Il 9 maggio, papa Leone XIII aveva già chiesto a tutti i dirigenti, membri e segretari della Curia di rimanere temporaneamente al loro posto fino a nuovo avviso, il che significa che un numero considerevole di cardinali è già membro del dicastero. Tuttavia i nomi contengono sempre un significato e possono evidenziare le preferenze individuate dal Pontefice regnante per particolari uffici romani.

 

Pizzaballa è considerato un membro conservatore del Collegio cardinalizio, così come Marengo, mentre altri nominati oggi dal Papa si allineerebbero maggiormente con i settori liberali o «moderati» su diverse questioni.

 

Il cardinale Roche è già noto e in vista per la sua opposizione alla messa tradizionale.

 

Spengler e Romero hanno guadagnato meno notorietà nel mondo anglofono. Romero è stato elevato all’episcopato da papa Francesco nel 2018, è stato nominato cardinale nel 2019 e ha partecipato di recente al Sinodo sulla sinodalità.

 

Dopo la Fiducia Supplicans e il clamore suscitato dalla benedizione delle coppie omosessuali, Romero si è discostato dal rifiuto del documento in tutta l’Africa, guidato dal cardinale Fridolin Ambongo.

 

Il documento sulle benedizioni alle coppie gay divenne un fatto traumatico per la chiesa mondiale, con molti teologi e prelati che chiedono a papa Leone di rilasciare un chiarimento formale del testo.

 

Anche il cardinale Spengler ha difeso Fiducia Supplicans. In un’intervista del 2023 , ha commentato che la Chiesa «non può negare» le benedizioni alle coppie dello stesso sesso, aggiungendo che la Chiesa deve «soddisfare ogni bisogno autenticamente umano».

 

 

Ancora più singolare, scrive sempre il corrispondente di LSN, è il fatto che Spengler sia stato associato al controverso «rito amazzonico» della liturgia. Creato cardinale a dicembre, Spengler ha dichiarato allo stesso LifeSiteNews in ottobre che diaconi e sacerdoti sposati potrebbero essere di aiuto per le regioni con pochi sacerdoti, aggiungendo che il rito amazzonico e l’inculturazione indigena della liturgia sono in atto in Brasile, affermando che i vescovi amazzonici locali stavano «parlando della possibilità di un rito specifico per la regione amazzonica: questo è un dato di fatto».

 

Tuttavia, lo Spengler ha anche cercato di ricollegarsi alla Chiesa universale, osservando che «d’altra parte c’è anche qualcosa che dice la seguente indicazione: oggi nella Chiesa latina abbiamo il rito romano e il rito romano deve essere inculturato nelle diverse realtà».

 

Parlando con la testata cattolica americana The Pillar a dicembre 2024, durante il concistoro, il cardinale Spengler aveva poi minimizzato l’idea di un rito amazzonico o di diaconi donne e clero sposato. Tali questioni, ha detto, «richiedono ulteriori approfondimenti».

 

Per lungo tempo, il DICLSAL è passato inosservato, fatta eccezione per coloro che desideravano rimanere aggiornati sugli affari vaticani. Ma sotto Papa Francesco, ha acquisito sempre maggiore importanza, soprattutto grazie al documento Cor Orans e Vultum Dei Quaerere, che ha introdotto un più stretto controllo vaticano sulla vita religiosa ed è stato ampiamente – sebbene spesso silenziosamente – utilizzato contro conventi e ordini religiosi noti per essere troppo tradizionalisti per i gusti delle autorità romane.

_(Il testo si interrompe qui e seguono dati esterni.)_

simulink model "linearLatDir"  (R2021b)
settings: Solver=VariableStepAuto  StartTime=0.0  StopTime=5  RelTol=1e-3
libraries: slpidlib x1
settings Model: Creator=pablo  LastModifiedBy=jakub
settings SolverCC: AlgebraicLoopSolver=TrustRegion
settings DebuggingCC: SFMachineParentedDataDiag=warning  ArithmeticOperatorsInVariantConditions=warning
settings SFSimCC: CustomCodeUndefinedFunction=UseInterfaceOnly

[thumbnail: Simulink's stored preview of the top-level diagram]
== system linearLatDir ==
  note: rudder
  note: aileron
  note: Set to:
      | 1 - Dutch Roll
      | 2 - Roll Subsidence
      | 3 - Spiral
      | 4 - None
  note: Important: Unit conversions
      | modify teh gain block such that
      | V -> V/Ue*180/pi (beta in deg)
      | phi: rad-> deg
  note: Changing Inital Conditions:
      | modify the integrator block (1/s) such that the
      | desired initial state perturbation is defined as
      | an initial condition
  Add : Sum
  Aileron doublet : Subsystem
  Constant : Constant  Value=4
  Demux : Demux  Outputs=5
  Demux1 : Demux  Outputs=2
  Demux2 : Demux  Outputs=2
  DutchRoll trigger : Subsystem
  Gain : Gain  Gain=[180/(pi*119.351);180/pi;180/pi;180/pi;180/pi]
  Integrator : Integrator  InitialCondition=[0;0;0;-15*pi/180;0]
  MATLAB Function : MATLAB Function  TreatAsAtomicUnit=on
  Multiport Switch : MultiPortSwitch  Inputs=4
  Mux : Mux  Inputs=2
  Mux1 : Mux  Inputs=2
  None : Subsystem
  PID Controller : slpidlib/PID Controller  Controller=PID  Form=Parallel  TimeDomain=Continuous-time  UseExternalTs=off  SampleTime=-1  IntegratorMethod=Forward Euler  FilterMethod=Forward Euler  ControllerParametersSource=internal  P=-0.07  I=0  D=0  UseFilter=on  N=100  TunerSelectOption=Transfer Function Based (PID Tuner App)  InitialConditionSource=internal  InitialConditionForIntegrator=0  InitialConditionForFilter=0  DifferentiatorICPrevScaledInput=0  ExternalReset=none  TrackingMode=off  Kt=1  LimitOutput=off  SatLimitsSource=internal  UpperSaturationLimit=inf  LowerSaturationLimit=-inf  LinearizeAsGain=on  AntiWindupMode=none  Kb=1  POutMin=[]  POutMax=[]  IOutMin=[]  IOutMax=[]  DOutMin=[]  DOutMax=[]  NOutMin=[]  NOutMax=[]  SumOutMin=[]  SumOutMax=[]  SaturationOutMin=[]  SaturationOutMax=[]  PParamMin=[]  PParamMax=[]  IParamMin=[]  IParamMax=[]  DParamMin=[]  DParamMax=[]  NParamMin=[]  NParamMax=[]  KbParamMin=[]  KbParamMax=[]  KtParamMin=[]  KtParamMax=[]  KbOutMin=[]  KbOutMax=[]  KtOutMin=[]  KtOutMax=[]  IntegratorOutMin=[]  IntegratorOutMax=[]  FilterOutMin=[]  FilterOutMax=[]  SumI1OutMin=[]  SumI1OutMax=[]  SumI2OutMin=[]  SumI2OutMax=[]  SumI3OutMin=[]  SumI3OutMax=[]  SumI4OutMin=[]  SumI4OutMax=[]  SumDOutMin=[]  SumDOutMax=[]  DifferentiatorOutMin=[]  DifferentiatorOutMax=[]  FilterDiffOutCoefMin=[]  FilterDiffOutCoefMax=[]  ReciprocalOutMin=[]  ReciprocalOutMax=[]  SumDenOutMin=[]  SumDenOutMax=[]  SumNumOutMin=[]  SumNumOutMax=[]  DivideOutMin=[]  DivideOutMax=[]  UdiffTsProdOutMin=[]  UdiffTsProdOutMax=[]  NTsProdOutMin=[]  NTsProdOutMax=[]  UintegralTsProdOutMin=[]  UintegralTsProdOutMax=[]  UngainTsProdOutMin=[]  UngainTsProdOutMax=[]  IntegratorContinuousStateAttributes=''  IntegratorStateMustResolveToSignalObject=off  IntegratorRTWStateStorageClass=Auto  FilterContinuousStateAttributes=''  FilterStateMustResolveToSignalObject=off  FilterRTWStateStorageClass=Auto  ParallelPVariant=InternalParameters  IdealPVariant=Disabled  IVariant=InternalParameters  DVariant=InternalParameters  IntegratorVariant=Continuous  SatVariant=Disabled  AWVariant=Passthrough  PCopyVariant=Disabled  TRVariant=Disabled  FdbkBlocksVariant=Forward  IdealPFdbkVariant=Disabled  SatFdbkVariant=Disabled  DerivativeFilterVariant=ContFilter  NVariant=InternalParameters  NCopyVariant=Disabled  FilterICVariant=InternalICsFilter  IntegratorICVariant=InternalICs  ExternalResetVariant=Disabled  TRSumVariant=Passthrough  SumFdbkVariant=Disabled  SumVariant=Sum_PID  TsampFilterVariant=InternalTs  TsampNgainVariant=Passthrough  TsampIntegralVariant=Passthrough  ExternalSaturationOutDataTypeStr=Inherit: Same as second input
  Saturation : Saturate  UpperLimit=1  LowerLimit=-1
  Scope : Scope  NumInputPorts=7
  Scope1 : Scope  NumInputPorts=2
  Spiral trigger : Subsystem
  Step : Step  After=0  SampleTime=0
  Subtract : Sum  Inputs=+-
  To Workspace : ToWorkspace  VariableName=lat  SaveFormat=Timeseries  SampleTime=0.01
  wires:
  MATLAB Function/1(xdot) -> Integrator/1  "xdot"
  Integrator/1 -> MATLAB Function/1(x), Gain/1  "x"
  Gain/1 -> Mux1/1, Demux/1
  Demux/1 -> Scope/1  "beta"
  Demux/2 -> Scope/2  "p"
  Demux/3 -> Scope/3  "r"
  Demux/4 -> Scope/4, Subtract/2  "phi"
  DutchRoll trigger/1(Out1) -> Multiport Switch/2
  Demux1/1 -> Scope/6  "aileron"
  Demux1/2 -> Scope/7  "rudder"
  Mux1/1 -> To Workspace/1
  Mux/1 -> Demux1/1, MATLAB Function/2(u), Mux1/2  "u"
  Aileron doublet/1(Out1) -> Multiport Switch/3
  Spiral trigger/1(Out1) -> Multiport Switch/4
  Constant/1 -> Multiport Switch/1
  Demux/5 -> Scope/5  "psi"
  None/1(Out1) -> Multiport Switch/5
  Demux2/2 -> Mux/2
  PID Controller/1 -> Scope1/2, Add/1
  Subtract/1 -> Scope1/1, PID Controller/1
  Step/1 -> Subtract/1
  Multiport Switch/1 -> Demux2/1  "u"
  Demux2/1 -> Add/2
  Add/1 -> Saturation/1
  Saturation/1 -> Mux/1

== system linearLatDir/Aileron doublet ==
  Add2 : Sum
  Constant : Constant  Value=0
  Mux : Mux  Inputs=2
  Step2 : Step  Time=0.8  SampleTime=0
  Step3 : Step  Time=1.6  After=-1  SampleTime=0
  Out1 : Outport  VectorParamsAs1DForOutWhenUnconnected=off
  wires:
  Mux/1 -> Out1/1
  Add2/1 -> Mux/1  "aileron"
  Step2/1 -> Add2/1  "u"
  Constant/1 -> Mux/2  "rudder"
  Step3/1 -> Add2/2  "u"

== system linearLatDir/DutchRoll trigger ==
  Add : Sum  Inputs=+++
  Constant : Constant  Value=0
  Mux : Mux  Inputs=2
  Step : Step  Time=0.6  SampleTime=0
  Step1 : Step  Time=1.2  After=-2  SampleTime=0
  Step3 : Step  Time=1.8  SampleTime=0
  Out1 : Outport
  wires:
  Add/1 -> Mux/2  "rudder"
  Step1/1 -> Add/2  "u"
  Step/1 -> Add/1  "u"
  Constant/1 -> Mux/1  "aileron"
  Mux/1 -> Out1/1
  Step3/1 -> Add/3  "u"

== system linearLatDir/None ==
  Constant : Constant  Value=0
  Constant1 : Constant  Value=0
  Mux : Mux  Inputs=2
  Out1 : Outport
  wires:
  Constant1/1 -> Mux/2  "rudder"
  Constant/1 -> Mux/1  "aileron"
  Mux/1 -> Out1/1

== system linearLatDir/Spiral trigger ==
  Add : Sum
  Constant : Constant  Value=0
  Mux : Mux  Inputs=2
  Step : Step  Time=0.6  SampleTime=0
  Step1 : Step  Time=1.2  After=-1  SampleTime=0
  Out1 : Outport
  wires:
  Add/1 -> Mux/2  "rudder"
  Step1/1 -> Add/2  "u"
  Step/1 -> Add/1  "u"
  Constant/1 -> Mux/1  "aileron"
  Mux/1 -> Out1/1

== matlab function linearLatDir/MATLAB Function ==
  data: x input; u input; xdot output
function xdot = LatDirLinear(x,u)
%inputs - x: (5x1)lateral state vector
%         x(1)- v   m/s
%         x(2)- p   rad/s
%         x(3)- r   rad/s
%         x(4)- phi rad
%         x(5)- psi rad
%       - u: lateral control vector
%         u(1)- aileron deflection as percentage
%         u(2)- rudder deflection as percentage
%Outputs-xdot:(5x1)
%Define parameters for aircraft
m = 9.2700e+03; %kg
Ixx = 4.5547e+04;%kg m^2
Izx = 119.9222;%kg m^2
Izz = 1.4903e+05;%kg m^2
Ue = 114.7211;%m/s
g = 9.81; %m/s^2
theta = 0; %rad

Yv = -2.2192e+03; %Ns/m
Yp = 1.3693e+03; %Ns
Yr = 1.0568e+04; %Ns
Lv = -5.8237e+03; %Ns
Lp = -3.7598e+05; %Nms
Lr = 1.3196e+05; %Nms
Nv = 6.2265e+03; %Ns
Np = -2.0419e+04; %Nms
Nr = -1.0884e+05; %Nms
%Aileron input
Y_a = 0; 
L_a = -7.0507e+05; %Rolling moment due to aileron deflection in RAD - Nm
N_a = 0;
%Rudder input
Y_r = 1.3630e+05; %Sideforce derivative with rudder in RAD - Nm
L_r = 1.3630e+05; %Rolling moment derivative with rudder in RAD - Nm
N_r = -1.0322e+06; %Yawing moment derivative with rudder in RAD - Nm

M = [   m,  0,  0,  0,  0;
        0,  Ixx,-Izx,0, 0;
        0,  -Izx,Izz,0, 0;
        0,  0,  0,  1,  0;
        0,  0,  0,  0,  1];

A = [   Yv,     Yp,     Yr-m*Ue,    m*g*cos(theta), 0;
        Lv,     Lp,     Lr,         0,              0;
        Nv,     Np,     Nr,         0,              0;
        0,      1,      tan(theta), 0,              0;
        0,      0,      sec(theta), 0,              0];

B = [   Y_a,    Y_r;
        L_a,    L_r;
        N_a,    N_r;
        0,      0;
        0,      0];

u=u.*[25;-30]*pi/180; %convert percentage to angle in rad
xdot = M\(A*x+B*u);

Oltre a limitare i gruppi già esistenti, un rescritto del 2022 tramite il dicastero ha impedito ai vescovi diocesani di istituire autonomamente gruppi di fedeli che intendessero trasformarsi in istituti o società religiose, in una mossa che è stata descritta come un tentativo di impedire la formazione di nuove comunità tradizionali.

 

Tra le ragioni della nuova importanza del dicastero, non ultima la controversa nomina, all’inizio di quest’anno, di una religiosa – Suor Simona Brambilla – a prefetto, anziché a cardinale. Per cercare di soddisfare il requisito canonico necessario per firmare documenti o esercitare l’autorità, il cardinale Ángel Fernández Artime SDB è stato nominato pro-prefetto.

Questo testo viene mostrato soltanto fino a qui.